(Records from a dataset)

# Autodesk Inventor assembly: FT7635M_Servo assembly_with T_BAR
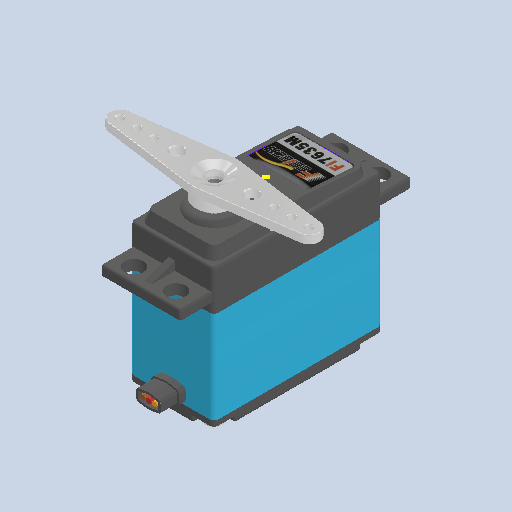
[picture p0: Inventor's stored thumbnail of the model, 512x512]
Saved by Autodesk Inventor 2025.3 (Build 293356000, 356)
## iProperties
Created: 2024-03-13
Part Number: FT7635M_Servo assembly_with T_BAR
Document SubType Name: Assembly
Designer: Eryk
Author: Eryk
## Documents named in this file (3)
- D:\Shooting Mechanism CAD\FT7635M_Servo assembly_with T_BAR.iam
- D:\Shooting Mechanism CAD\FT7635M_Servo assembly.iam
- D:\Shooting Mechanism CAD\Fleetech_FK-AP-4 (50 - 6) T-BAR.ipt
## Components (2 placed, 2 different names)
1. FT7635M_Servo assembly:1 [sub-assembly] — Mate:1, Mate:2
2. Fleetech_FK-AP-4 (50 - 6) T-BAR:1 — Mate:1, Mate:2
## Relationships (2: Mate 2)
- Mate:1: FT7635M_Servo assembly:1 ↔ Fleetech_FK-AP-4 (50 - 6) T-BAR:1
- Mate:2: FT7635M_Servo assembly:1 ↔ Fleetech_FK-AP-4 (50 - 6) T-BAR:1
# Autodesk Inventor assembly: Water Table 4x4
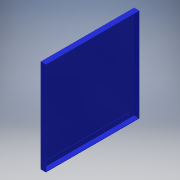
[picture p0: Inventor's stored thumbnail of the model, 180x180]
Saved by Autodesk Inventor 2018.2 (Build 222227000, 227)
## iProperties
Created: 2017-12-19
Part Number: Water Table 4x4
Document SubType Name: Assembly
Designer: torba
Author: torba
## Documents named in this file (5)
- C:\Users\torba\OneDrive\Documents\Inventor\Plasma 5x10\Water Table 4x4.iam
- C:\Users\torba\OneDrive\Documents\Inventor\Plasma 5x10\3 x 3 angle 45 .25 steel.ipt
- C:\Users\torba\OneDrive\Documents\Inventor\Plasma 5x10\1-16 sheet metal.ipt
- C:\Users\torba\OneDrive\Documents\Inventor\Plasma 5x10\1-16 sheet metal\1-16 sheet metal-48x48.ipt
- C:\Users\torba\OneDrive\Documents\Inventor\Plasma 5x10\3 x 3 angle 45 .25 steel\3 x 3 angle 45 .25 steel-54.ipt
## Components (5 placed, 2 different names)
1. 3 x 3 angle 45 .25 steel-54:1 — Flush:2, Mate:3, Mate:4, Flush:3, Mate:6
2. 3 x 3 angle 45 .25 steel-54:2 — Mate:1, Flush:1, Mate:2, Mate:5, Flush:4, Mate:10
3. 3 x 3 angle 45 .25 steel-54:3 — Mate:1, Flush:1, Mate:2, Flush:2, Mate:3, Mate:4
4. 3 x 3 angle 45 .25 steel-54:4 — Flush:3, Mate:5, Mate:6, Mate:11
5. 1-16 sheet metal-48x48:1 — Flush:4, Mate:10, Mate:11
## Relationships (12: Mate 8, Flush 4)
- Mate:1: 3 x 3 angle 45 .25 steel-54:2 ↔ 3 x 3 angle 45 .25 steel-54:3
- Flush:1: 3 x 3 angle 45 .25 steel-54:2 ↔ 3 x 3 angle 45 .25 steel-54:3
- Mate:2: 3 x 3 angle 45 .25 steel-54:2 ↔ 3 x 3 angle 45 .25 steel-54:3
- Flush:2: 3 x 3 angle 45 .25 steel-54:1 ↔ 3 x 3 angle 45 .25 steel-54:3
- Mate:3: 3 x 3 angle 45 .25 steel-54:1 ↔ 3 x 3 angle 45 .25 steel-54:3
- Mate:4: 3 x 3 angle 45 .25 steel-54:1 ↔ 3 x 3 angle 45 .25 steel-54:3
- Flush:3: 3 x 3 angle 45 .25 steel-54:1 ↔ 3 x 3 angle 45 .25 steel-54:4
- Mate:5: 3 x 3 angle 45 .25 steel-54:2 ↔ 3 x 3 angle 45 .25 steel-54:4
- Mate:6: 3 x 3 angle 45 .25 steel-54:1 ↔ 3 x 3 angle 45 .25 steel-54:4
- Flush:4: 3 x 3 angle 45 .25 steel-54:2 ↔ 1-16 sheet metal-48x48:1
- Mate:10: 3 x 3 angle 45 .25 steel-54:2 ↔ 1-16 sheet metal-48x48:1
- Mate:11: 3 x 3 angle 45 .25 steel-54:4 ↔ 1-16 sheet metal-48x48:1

== What to do ==
If a line in the data above holds the string "Mechanism", report that line.

== Written solution ==
- D:\Shooting Mechanism CAD\FT7635M_Servo assembly_with T_BAR.iam
- D:\Shooting Mechanism CAD\FT7635M_Servo assembly.iam
- D:\Shooting Mechanism CAD\Fleetech_FK-AP-4 (50 - 6) T-BAR.ipt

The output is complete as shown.